Problem statement:
Two lines in the listing below mark the span: one contains "#53=LINE('',#52,#51);" and one contains "#58=ADVANCED_FACE('F45',(#57),#23,.T.);". Reproduce both of them and everything between, exactly.

********

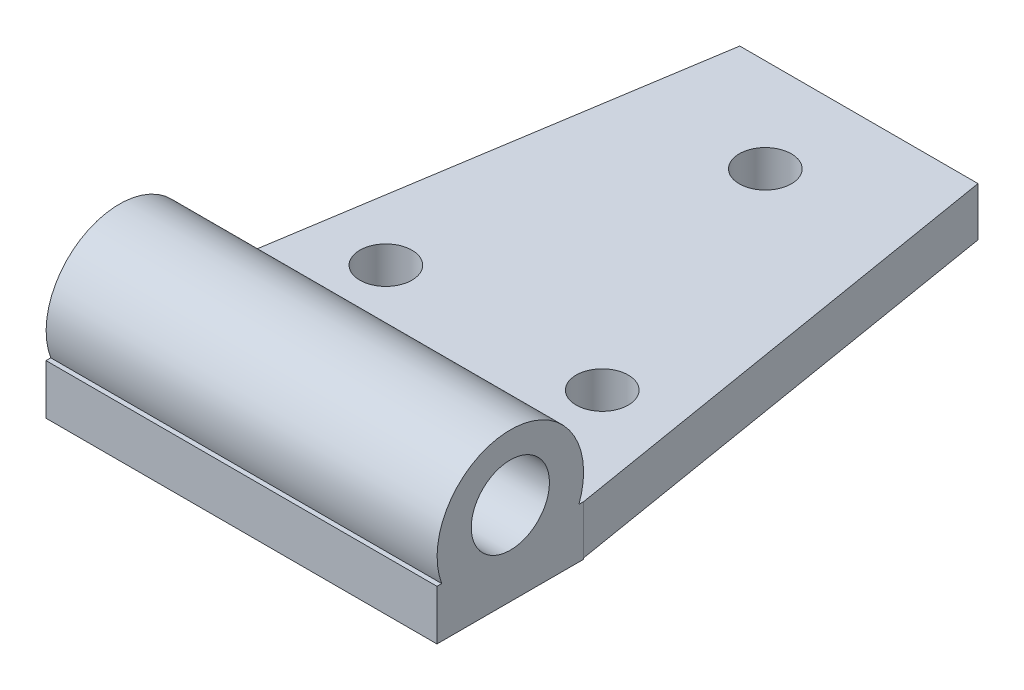
ISO-10303-21;
HEADER;
FILE_DESCRIPTION(('STEP AP214'),'2;1');
FILE_NAME('part.step','',(''),(''),'','','');
FILE_SCHEMA(('AUTOMOTIVE_DESIGN { 1 0 10303 214 1 1 1 1 }'));
ENDSEC;
DATA;
#1=APPLICATION_CONTEXT('core data for automotive mechanical design processes');
#2=APPLICATION_PROTOCOL_DEFINITION('international standard','automotive_design',2000,#1);
#3=PRODUCT_CONTEXT('',#1,'mechanical');
#4=PRODUCT('Part','Part','',(#3));
#5=PRODUCT_RELATED_PRODUCT_CATEGORY('part','',(#4));
#6=PRODUCT_DEFINITION_FORMATION('','',#4);
#7=PRODUCT_DEFINITION_CONTEXT('part definition',#1,'design');
#8=PRODUCT_DEFINITION('design','',#6,#7);
#9=PRODUCT_DEFINITION_SHAPE('','',#8);
#10=(LENGTH_UNIT() NAMED_UNIT(*) SI_UNIT(.MILLI.,.METRE.));
#11=(NAMED_UNIT(*) PLANE_ANGLE_UNIT() SI_UNIT($,.RADIAN.));
#12=(NAMED_UNIT(*) SI_UNIT($,.STERADIAN.) SOLID_ANGLE_UNIT());
#13=UNCERTAINTY_MEASURE_WITH_UNIT(LENGTH_MEASURE(1.E-05),#10,'distance_accuracy_value','');
#14=(GEOMETRIC_REPRESENTATION_CONTEXT(3) GLOBAL_UNCERTAINTY_ASSIGNED_CONTEXT((#13)) GLOBAL_UNIT_ASSIGNED_CONTEXT((#10,
#11,#12)) REPRESENTATION_CONTEXT('',''));
#15=CARTESIAN_POINT('',(0.,0.,0.));
#16=DIRECTION('',(0.,0.,1.));
#17=DIRECTION('',(1.,0.,0.));
#18=AXIS2_PLACEMENT_3D('',#15,#16,#17);
#19=CARTESIAN_POINT('',(0.,4.7498,0.));
#20=DIRECTION('',(0.,1.,0.));
#21=DIRECTION('',(0.,0.,1.));
#22=AXIS2_PLACEMENT_3D('',#19,#20,#21);
#23=PLANE('',#22);
#24=DIRECTION('',(1.,0.,0.));
#25=VECTOR('',#24,1.);
#26=CARTESIAN_POINT('',(-20.1876157601635,4.7498,13.8357003933901));
#27=LINE('',#26,#25);
#28=CARTESIAN_POINT('',(0.,4.7498,13.8357003933901));
#29=VERTEX_POINT('',#28);
#30=CARTESIAN_POINT('',(38.1,4.7498,13.8357003933901));
#31=VERTEX_POINT('',#30);
#32=EDGE_CURVE('E128',#29,#31,#27,.T.);
#33=ORIENTED_EDGE('',*,*,#32,.F.);
#34=DIRECTION('',(0.,0.,-1.));
#35=VECTOR('',#34,1.);
#36=CARTESIAN_POINT('',(0.,4.7498,14.3002));
#37=LINE('',#36,#35);
#38=CARTESIAN_POINT('',(0.,4.7498,14.3002));
#39=VERTEX_POINT('',#38);
#40=EDGE_CURVE('E138',#39,#29,#37,.T.);
#41=ORIENTED_EDGE('',*,*,#40,.F.);
#42=DIRECTION('',(-1.,0.,0.));
#43=VECTOR('',#42,1.);
#44=CARTESIAN_POINT('',(0.,4.7498,14.3002));
#45=LINE('',#44,#43);
#46=CARTESIAN_POINT('',(38.1,4.7498,14.3002));
#47=VERTEX_POINT('',#46);
#48=EDGE_CURVE('E154',#47,#39,#45,.T.);
#49=ORIENTED_EDGE('',*,*,#48,.F.);
#50=DIRECTION('',(0.,0.,-1.));
#51=VECTOR('',#50,1.);
#52=CARTESIAN_POINT('',(38.1,4.7498,14.3002));
#53=LINE('',#52,#51);
#54=EDGE_CURVE('E141',#47,#31,#53,.T.);
#55=ORIENTED_EDGE('',*,*,#54,.T.);
#56=EDGE_LOOP('',(#33,#41,#49,#55));
#57=FACE_BOUND('',#56,.T.);
#58=ADVANCED_FACE('F45',(#57),#23,.T.);
#59=CARTESIAN_POINT('',(30.4714936892043,4.7498,-46.0502));
#60=DIRECTION('',(0.986555085482987,0.,-0.163429077301609));
#61=DIRECTION('',(-0.163429077301609,0.,-0.986555085482987));
#62=AXIS2_PLACEMENT_3D('',#59,#60,#61);
#63=PLANE('',#62);
#64=DIRECTION('',(0.163429077301609,0.,0.986555085482987));
#65=VECTOR('',#64,1.);
#66=CARTESIAN_POINT('',(30.4714936892043,0.,-46.0502));
#67=LINE('',#66,#65);
#68=CARTESIAN_POINT('',(30.4714936892043,0.,-46.0502));
#69=VERTEX_POINT('',#68);
#70=CARTESIAN_POINT('',(38.1,0.,0.));
#71=VERTEX_POINT('',#70);
#72=EDGE_CURVE('E206',#69,#71,#67,.T.);
#73=ORIENTED_EDGE('',*,*,#72,.F.);
#74=DIRECTION('',(0.,-1.,0.));
#75=VECTOR('',#74,1.);
#76=CARTESIAN_POINT('',(30.4714936892043,4.7498,-46.0502));
#77=LINE('',#76,#75);
#78=CARTESIAN_POINT('',(30.4714936892043,4.7498,-46.0502));
#79=VERTEX_POINT('',#78);
#80=EDGE_CURVE('E54',#79,#69,#77,.T.);
#81=ORIENTED_EDGE('',*,*,#80,.F.);
#82=DIRECTION('',(0.163429077301609,0.,0.986555085482987));
#83=VECTOR('',#82,1.);
#84=CARTESIAN_POINT('',(30.4714936892043,4.7498,-46.0502));
#85=LINE('',#84,#83);
#86=CARTESIAN_POINT('',(38.1,4.7498,0.));
#87=VERTEX_POINT('',#86);
#88=EDGE_CURVE('E192',#79,#87,#85,.T.);
#89=ORIENTED_EDGE('',*,*,#88,.T.);
#90=DIRECTION('',(0.,-1.,0.));
#91=VECTOR('',#90,1.);
#92=CARTESIAN_POINT('',(38.1,4.7498,0.));
#93=LINE('',#92,#91);
#94=EDGE_CURVE('E11',#87,#71,#93,.T.);
#95=ORIENTED_EDGE('',*,*,#94,.T.);
#96=EDGE_LOOP('',(#73,#81,#89,#95));
#97=FACE_BOUND('',#96,.T.);
#98=ADVANCED_FACE('F47',(#97),#63,.T.);
#99=CARTESIAN_POINT('',(30.4714936892043,4.7498,-46.0502));
#100=DIRECTION('',(0.,0.,1.));
#101=DIRECTION('',(1.,0.,0.));
#102=AXIS2_PLACEMENT_3D('',#99,#100,#101);
#103=PLANE('',#102);
#104=DIRECTION('',(-1.,0.,0.));
#105=VECTOR('',#104,1.);
#106=CARTESIAN_POINT('',(30.4714936892043,0.,-46.0502));
#107=LINE('',#106,#105);
#108=CARTESIAN_POINT('',(7.25589368920428,0.,-46.0502));
#109=VERTEX_POINT('',#108);
#110=EDGE_CURVE('E209',#69,#109,#107,.T.);
#111=ORIENTED_EDGE('',*,*,#110,.T.);
#112=DIRECTION('',(0.,-1.,0.));
#113=VECTOR('',#112,1.);
#114=CARTESIAN_POINT('',(7.25589368920428,4.7498,-46.0502));
#115=LINE('',#114,#113);
#116=CARTESIAN_POINT('',(7.25589368920428,4.7498,-46.0502));
#117=VERTEX_POINT('',#116);
#118=EDGE_CURVE('E217',#117,#109,#115,.T.);
#119=ORIENTED_EDGE('',*,*,#118,.F.);
#120=DIRECTION('',(-1.,0.,0.));
#121=VECTOR('',#120,1.);
#122=CARTESIAN_POINT('',(30.4714936892043,4.7498,-46.0502));
#123=LINE('',#122,#121);
#124=EDGE_CURVE('E195',#79,#117,#123,.T.);
#125=ORIENTED_EDGE('',*,*,#124,.F.);
#126=ORIENTED_EDGE('',*,*,#80,.T.);
#127=EDGE_LOOP('',(#111,#119,#125,#126));
#128=FACE_BOUND('',#127,.T.);
#129=ADVANCED_FACE('F223',(#128),#103,.F.);
#130=CARTESIAN_POINT('',(0.,4.7498,0.));
#131=DIRECTION('',(-0.987813112473282,0.,-0.155644642779144));
#132=DIRECTION('',(-0.155644642779144,0.,0.987813112473282));
#133=AXIS2_PLACEMENT_3D('',#130,#131,#132);
#134=PLANE('',#133);
#135=DIRECTION('',(0.155644642779144,0.,-0.987813112473282));
#136=VECTOR('',#135,1.);
#137=CARTESIAN_POINT('',(0.,0.,0.));
#138=LINE('',#137,#136);
#139=CARTESIAN_POINT('',(0.,0.,0.));
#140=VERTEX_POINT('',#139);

********

Output for this task:
#53=LINE('',#52,#51);
#54=EDGE_CURVE('E141',#47,#31,#53,.T.);
#55=ORIENTED_EDGE('',*,*,#54,.T.);
#56=EDGE_LOOP('',(#33,#41,#49,#55));
#57=FACE_BOUND('',#56,.T.);
#58=ADVANCED_FACE('F45',(#57),#23,.T.);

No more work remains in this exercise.